Le résultat de simulate est un jeu de données avec une rangée pour chaque rangée de newdata et une colonne pour chacune des nsim simulations. Ce résultat permet notamment de produire un intervalle de prédiction, c’est-à-dire un intervalle qui devrait contenir une certaine fraction des observations individuelles si le modèle est correct. Dans l’exemple ci-dessous, nous extrayons les quantiles à 2.5% et 97.5% de chaque rangée de rich_sims et les ajoutons à pred_df comme bornes d’un intervalle de prédiction à 95%. Cet intervalle est visualisé avec la fonction geom_ribbon de ggplot2.

pred_df$q025 <- apply(rich_sims, 1, quantile, probs = 0.025)
pred_df$q975 <- apply(rich_sims, 1, quantile, probs = 0.975)

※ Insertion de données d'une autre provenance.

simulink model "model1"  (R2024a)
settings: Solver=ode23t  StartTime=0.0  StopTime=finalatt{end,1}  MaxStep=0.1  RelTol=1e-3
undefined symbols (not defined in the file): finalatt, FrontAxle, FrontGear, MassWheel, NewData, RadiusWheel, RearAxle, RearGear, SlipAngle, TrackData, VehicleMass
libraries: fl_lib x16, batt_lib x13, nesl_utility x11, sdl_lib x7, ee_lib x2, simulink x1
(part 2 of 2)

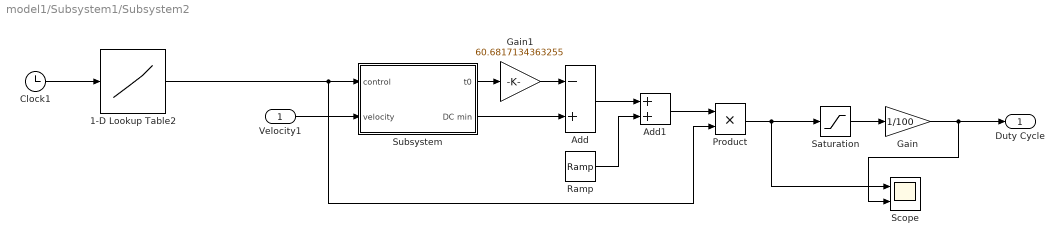
== system model1/Subsystem1/Subsystem2 ==
  Velocity1 : Inport
  1-D Lookup Table2 : Lookup_n-D  NumberOfTableDimensions=1  BreakpointsForDimension1=finalatt{:,1}  Table=finalatt{:,3}  InterpMethod=Flat  InternalRulePriority=Speed  RndMeth=Simplest
  Add : Sum  Inputs=-+
  Add1 : Sum
  Clock1 : Clock
      settings: Decimation=1000
  Gain : Gain  Gain=1/100
  Gain1 : Gain  Gain=60.6817134363255
  Product : Product
  Ramp : simulink/Sources/Ramp  slope=60.6817134363255  start=0  InitialOutput=0
  Saturation : Saturate  UpperLimit=95  LowerLimit=0
  Scope : Scope  NumInputPorts=2
  Subsystem : Subsystem
  Duty Cycle : Outport
  wires:
  Clock1/1 -> 1-D Lookup Table2/1
  Product/1 -> Scope/1, Saturation/1
  Ramp/1 -> Add1/2
  Add1/1 -> Product/1
  Gain1/1 -> Add/1
  Velocity1/1 -> Subsystem/2(velocity)
  Add/1 -> Add1/1
  1-D Lookup Table2/1 -> Product/2, Subsystem/1(control)
  Subsystem/2(DC min) -> Add/2
  Subsystem/1(t0) -> Gain1/1
  Gain/1 -> Scope/2, Duty Cycle/1
  Saturation/1 -> Gain/1

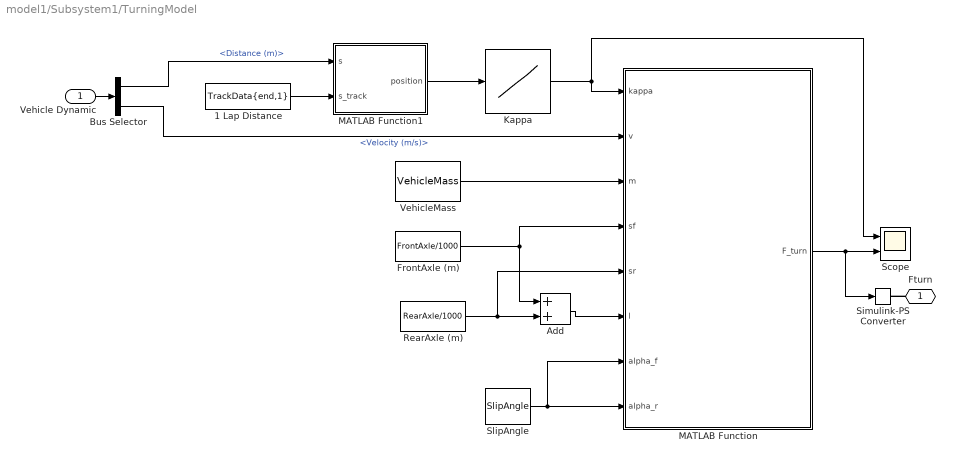
== system model1/Subsystem1/TurningModel ==
  Vehicle Dynamic : Inport
  1 Lap Distance : Constant  Value=TrackData{end,1}
  Add : Sum
  Bus Selector : BusSelector  OutputSignals=Distance (m),Velocity (m/s)
  FrontAxle (m) : Constant  Value=FrontAxle/1000
  Kappa : Lookup_n-D  NumberOfTableDimensions=1  BreakpointsForDimension1=TrackData{:,1}  Table=TrackData{:,4}  InternalRulePriority=Speed  RndMeth=Simplest
  MATLAB Function : MATLAB Function  TreatAsAtomicUnit=on
  MATLAB Function1 : MATLAB Function  TreatAsAtomicUnit=on
  RearAxle (m) : Constant  Value=RearAxle/1000
  Scope : Scope  NumInputPorts=2
  Simulink-PS Converter : nesl_utility/Simulink-PS Converter  PhysicalDomain=network_engine_domain  SubClassName=ps_input  LeftPortType=input  RightPortType=output  PseudoPeriodic=off  Frequencies=[]  NoiseDistribution=none  NoiseParameters=[]  Unit=N  AffineConversion=off  FilteringAndDerivatives=provide  SimscapeFilterOrder=1  InputFilterTimeConstant=0.001  UdotUserProvided=0
  SlipAngle : Constant  Value=SlipAngle
  VehicleMass : Constant  Value=VehicleMass
  Fturn : PMIOPort  Side=Left
  wires:
  VehicleMass/1 -> MATLAB Function/3(m)
  1 Lap Distance/1 -> MATLAB Function1/2(s_track)
  Kappa/1 -> Scope/1, MATLAB Function/1(kappa)
  RearAxle (m)/1 -> MATLAB Function/5(sr), Add/2
  FrontAxle (m)/1 -> MATLAB Function/4(sf), Add/1
  Bus Selector/1 -> MATLAB Function1/1(s)  "<Distance (m)>"
  MATLAB Function1/1(position) -> Kappa/1
  SlipAngle/1 -> MATLAB Function/7(alpha_f), MATLAB Function/8(alpha_r)
  MATLAB Function/1(F_turn) -> Simulink-PS Converter/1, Scope/2
  Vehicle Dynamic/1 -> Bus Selector/1
  Bus Selector/2 -> MATLAB Function/2(v)  "<Velocity (m/s)>"
  Add/1 -> MATLAB Function/6(l)
  connections:
  Fturn/RConn1 -- Simulink-PS Converter/RConn1

== system model1/Subsystem1/VehicleModel ==
  Ideal Force Source : fl_lib/Mechanical/Mechanical Sources/Ideal Force Source
  Mechanical Translational Reference : fl_lib/Mechanical/Translational Elements/Mechanical Translational Reference
  PS Gain : fl_lib/Physical Signals/Functions/PS Gain  gain=0.5
  PS Terminator3 : fl_lib/Physical Signals/Sinks/PS Terminator
  TireModel : Subsystem
      settings: PortSchema="{\"entries\":[{\"content\":{\"sides\":[{\"content\":{\"connectorIds\":[\"LConn1\",\"LConn2\"]},\"type\":\"ConnectorPlacement.EquallySpacedRectSide\",\"uuid\":\"ad88246c-79e4-4500-822e-5fea39c5896c\"},{\"content\":{\"connectorIds\":[\"Out1\"],\"side\":\"RIGHT\"},\"type\":\"ConnectorPlacement.EquallySpacedRectSide\",\"uuid\":\"913d52ca-54a5-4560-b3df-e1f57975974a\"},{\"content\":{\"connectorIds\":[\"LConn3\",\"LConn4\",\"LConn5\"],\"side\":\"TOP\"},\"type\":\"ConnectorPlacement.EquallySpacedRectSide\",\"uuid\":\"5900099e-62c2-49ce-8123-88bd27d24a29\"}]},\"type\":\"ConnectorPlacement.EquallySpacedConnector\",\"uuid\":\"881a997e-2d63-4bf2-b975-40b530568104\"}],\"packageUris\":[\"http://schema.mathworks.com/mf0/Connector/R2020b\"],\"version\":\"1.0\"}"
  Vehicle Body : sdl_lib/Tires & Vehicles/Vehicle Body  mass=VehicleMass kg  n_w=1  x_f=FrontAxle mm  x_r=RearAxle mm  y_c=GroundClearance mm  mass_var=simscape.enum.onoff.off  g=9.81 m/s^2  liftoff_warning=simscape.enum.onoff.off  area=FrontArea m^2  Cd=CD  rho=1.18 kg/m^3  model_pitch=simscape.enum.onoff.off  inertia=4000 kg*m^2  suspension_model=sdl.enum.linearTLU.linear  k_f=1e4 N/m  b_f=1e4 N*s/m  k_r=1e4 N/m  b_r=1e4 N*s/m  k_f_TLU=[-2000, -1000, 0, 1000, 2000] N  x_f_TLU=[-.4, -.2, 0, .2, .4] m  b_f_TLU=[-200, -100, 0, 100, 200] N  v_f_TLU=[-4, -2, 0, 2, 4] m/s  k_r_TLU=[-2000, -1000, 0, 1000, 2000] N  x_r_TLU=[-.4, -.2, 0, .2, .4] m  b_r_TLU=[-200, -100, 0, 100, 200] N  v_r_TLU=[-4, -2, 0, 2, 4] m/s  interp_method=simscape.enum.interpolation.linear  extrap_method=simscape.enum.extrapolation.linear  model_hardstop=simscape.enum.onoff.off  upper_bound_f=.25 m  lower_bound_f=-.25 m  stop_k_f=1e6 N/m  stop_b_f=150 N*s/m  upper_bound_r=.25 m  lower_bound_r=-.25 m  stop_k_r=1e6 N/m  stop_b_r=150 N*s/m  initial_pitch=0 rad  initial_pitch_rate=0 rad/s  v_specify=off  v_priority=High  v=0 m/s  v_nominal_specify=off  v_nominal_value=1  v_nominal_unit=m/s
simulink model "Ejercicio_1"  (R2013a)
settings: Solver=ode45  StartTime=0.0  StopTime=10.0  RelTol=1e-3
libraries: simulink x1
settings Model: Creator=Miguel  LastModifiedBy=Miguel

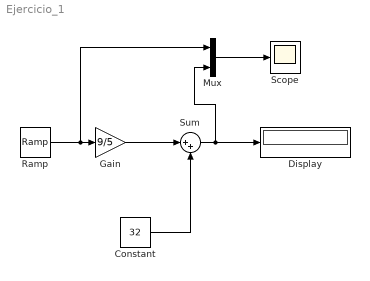
== system Ejercicio_1 ==
  Constant : Constant  Value=32
  Display : Display
  Gain : Gain  Gain=9/5
  Mux : Mux  Inputs=2
  Ramp : simulink/Sources/Ramp  slope=1  start=0  X0=0
  Scope : Scope
  Sum : Sum  Inputs=|++
  wires:
  Ramp/1 -> Mux/1, Gain/1
  Gain/1 -> Sum/1
  Constant/1 -> Sum/2
  Sum/1 -> Mux/2, Display/1
  Mux/1 -> Scope/1
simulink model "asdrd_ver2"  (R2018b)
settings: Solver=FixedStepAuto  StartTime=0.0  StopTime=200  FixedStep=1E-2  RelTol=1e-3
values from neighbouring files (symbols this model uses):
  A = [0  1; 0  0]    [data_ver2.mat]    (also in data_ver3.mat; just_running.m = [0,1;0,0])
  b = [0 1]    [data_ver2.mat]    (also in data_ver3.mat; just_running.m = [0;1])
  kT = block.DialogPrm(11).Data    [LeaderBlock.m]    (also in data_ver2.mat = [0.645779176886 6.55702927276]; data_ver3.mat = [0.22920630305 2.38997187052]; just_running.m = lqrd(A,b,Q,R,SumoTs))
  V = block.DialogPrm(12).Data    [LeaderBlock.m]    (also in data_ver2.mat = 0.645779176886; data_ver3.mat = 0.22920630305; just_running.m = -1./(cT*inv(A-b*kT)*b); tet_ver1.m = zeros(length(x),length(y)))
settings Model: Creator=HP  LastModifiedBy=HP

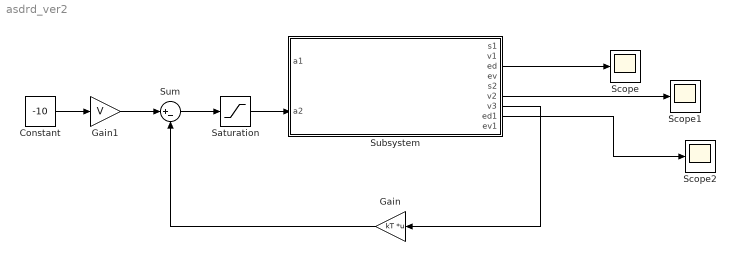
== system asdrd_ver2 ==
  Constant : Constant  Value=-10
  Gain : Gain  Gain=kT  Multiplication=Matrix(K*u)
  Gain1 : Gain  Gain=V
  Saturation : Saturate  UpperLimit=3  LowerLimit=-7
  Scope : Scope
  Scope1 : Scope
  Scope2 : Scope
  Subsystem : Subsystem
  Sum : Sum  Inputs=|+-
  wires:
  Subsystem/7(v3) -> Gain/1
  Constant/1 -> Gain1/1
  Sum/1 -> Saturation/1
  Gain1/1 -> Sum/1
  Gain/1 -> Sum/2
  Saturation/1 -> Subsystem/2(a2)
  Subsystem/3(ed) -> Scope/1
  Subsystem/6(v2) -> Scope1/1
  Subsystem/8(ed1) -> Scope2/1

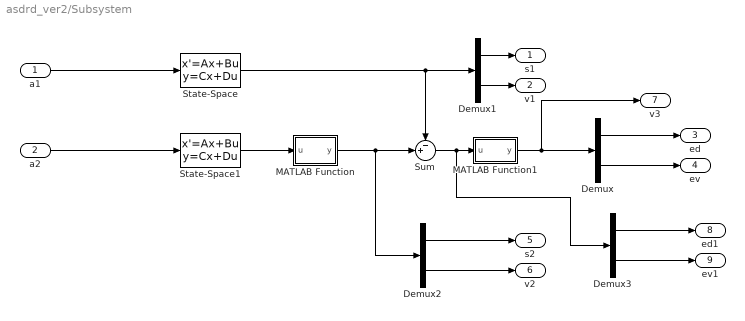
== system asdrd_ver2/Subsystem ==
  a1 : Inport
  a2 : Inport  Port=2
  Demux{,1..3} (4 alike) : Demux  Outputs=2
  MATLAB Function : MATLAB Function  TreatAsAtomicUnit=on
  MATLAB Function1 : MATLAB Function  TreatAsAtomicUnit=on
  State-Space : StateSpace  A=A  B=b  C=eye(2)  D=zeros(2,1)  InitialCondition=[0;20]
  State-Space1 : StateSpace  A=A  B=b  C=eye(2)  D=zeros(2,1)  InitialCondition=[-100;27]
  Sum : Sum  Inputs=-+|
  s1 : Outport
  v1 : Outport  Port=2
  ed : Outport  Port=3
  ev : Outport  Port=4
  s2 : Outport  Port=5
  v2 : Outport  Port=6
  v3 : Outport  Port=7
  ed1 : Outport  Port=8
  ev1 : Outport  Port=9
  wires:
  MATLAB Function/1(y) -> Demux2/1, Sum/2
  State-Space/1 -> Demux1/1, Sum/1
  State-Space1/1 -> MATLAB Function/1(u)
  a1/1 -> State-Space/1
  a2/1 -> State-Space1/1
  Sum/1 -> Demux3/1, MATLAB Function1/1(u)
  Demux/1 -> ed/1
  Demux/2 -> ev/1
  Demux1/1 -> s1/1
  Demux1/2 -> v1/1
  Demux2/1 -> s2/1
  Demux2/2 -> v2/1
  MATLAB Function1/1(y) -> v3/1, Demux/1
  Demux3/2 -> ev1/1
  Demux3/1 -> ed1/1

== matlab function asdrd_ver2/Subsystem/MATLAB Function1 ==
  data: u input; y output
function y = fcn(u)
y = [u(1);u(2)];
% if u(1) >= -4
%     y(1) = -4;
% else
%     y(1) = u(1);
% end

== matlab function asdrd_ver2/Subsystem/MATLAB Function ==
  data: u input; y output
function y = fcn(u)
y = [0;0]
if u(2) >= 25
    y(2) = 25;
    y(1) = u(1);
elseif u(2) <= 15
    y(2) = 15;
    y(1) = u(1);
else
    y(2) = u(2);
    y(1) = u(1);
end
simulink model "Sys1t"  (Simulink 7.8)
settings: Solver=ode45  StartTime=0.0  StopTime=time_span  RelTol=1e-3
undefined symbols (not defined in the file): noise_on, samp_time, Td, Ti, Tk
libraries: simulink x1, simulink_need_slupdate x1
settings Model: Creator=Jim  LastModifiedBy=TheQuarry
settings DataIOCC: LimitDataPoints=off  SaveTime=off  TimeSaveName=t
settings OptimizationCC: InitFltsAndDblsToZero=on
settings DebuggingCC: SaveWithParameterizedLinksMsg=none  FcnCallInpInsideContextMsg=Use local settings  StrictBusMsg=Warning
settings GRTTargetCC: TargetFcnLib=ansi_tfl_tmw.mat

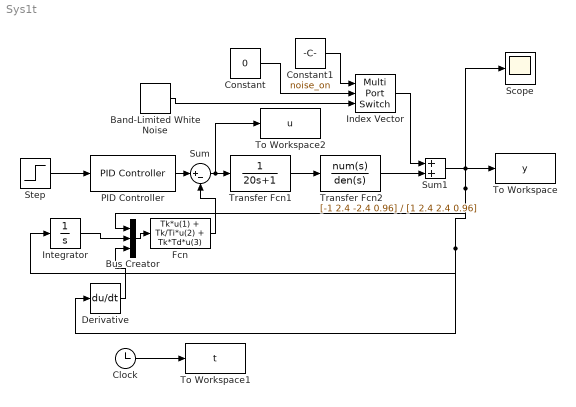
== system Sys1t ==
  Band-Limited White Noise : simulink/Sources/Band-Limited White Noise  Cov=[0.0001]  Ts=0.1  seed=[23341]
  Bus Creator : BusCreator  Inputs=3
  Clock : Clock
  Constant : Constant  Value=0
  Constant1 : Constant  Value=noise_on
  Derivative : Derivative
  Fcn : Fcn  Expr=Tk*u(1) + Tk/Ti*u(2) + Tk*Td*u(3)
  Index Vector : MultiPortSwitch  DataPortOrder=Zero-based contiguous  Inputs=2  zeroidx=on
  Integrator : Integrator
  PID Controller : simulink_need_slupdate/PID Controller  P=Tk  I=Tk/Ti  D=0
  Scope : Scope
  Step : Step  Time=0  SampleTime=0
  Sum : Sum  Inputs=|+-
  Sum1 : Sum  Inputs=|++
  To Workspace : ToWorkspace  VariableName=y  SampleTime=samp_time  SaveFormat=Array
  To Workspace1 : ToWorkspace  VariableName=t  SampleTime=samp_time  SaveFormat=Array
  To Workspace2 : ToWorkspace  VariableName=u  SampleTime=samp_time  SaveFormat=Array
  Transfer Fcn1 : TransferFcn  Denominator=[20 1]
  Transfer Fcn2 : TransferFcn  Numerator="[-1\t2.4\t-2.4\t0.96]"  Denominator="[1\t2.4\t2.4\t0.96]"
  wires:
  Sum/1 -> Transfer Fcn1/1, To Workspace2/1
  Sum1/1 -> To Workspace/1, Scope/1, Bus Creator/1, Derivative/1, Integrator/1
  Step/1 -> PID Controller/1
  PID Controller/1 -> Sum/1
  Transfer Fcn2/1 -> Sum1/2
  Transfer Fcn1/1 -> Transfer Fcn2/1
  Index Vector/1 -> Sum1/1
  Constant1/1 -> Index Vector/1
  Constant/1 -> Index Vector/2
  Band-Limited White Noise/1 -> Index Vector/3
  Clock/1 -> To Workspace1/1
  Fcn/1 -> Sum/2
  Bus Creator/1 -> Fcn/1
  Integrator/1 -> Bus Creator/2
  Derivative/1 -> Bus Creator/3

ggplot(pred_df, aes(x = NAP, y = rich_pred2, color = Exposure, fill = Exposure)) +
    geom_point(data = rikz, aes(y = Richness)) +
    geom_ribbon(aes(ymin = q025, ymax = q975), alpha = 0.3, color = "white") +
    geom_line() +
    facet_wrap(~ Beach) +
    scale_color_brewer(palette = "Dark2") +
    scale_fill_brewer(palette = "Dark2")

Notez que dans cet exemple, les simulations pour les plages connues utilisent le \(\beta_0\) estimé, tandis que celles pour la plage inconnue NA génèrent une valeur de \(\beta_0\) à partir de sa distribution. On s’attendrait donc à ce que l’intervalle soit plus large pour la plage inconnue. Cette différence est imperceptible ici car l’effet aléatoire des plages, après avoir tenu compte de l’indice d’exposition, est très minime. Donc l’incertitude représentée est presque exclusivement due à la variation des observations individuelles selon la distribution de Poisson.

Incertitude des paramètres

La fonction simulate tient compte de la variation des observations individuelles autour de leur moyenne et (optionnellement) de la variation des effets aléatoires, mais suppose que les paramètres du modèle (effets fixes et variances des effets aléatoires) sont exacts. Le bootstrap paramétrique, implémenté par la fonction bootMer de lme4, est une façon d’inclure l’incertitude sur les estimés des paramètres:

  • D’abord, on simule à partir du modèle ajusté de nouvelles valeurs de la réponse pour le jeu de données original.

  • Ensuite, on réajuste le modèle avec ces données simulées.

  • Finalement, on appelle predict ou simulate à partir du modèle réajusté.

En répétant ce processus un grand nombre de fois, on obtient soit un intervalle de confiance pour les prédictions moyennes (avec predict), soit des intervalles de prédiction qui incluent l’incertitude des paramètres (avec simulate).

Nous ne ferons pas la démonstration de cette méthode dans le cours. Cependant, notez qu’un bootstrap avec \(N\) réplicats requiert \(N\) ajustements du GLMM, ce qui peut nécessiter un long temps de calcul pour un modèle complexe.

Références

  • Bolker, B. et al. (2009) Generalized linear mixed models: a practical guide for ecology and evolution. Trends in Ecology and Evolution 24: 127-135.

  • Harrison, X.A. et al. (2018) A brief introduction to mixed effects modelling and multi-model inference in ecology. PeerJ 6: e4794.

  • Zuur, A.F., Ieno, E.N., Walker, N.J., Saveliev, A.A., Smith, G.M. (2009) Mixed Effects Models and Extensions in Ecology with R. New York, Springer-Verlag.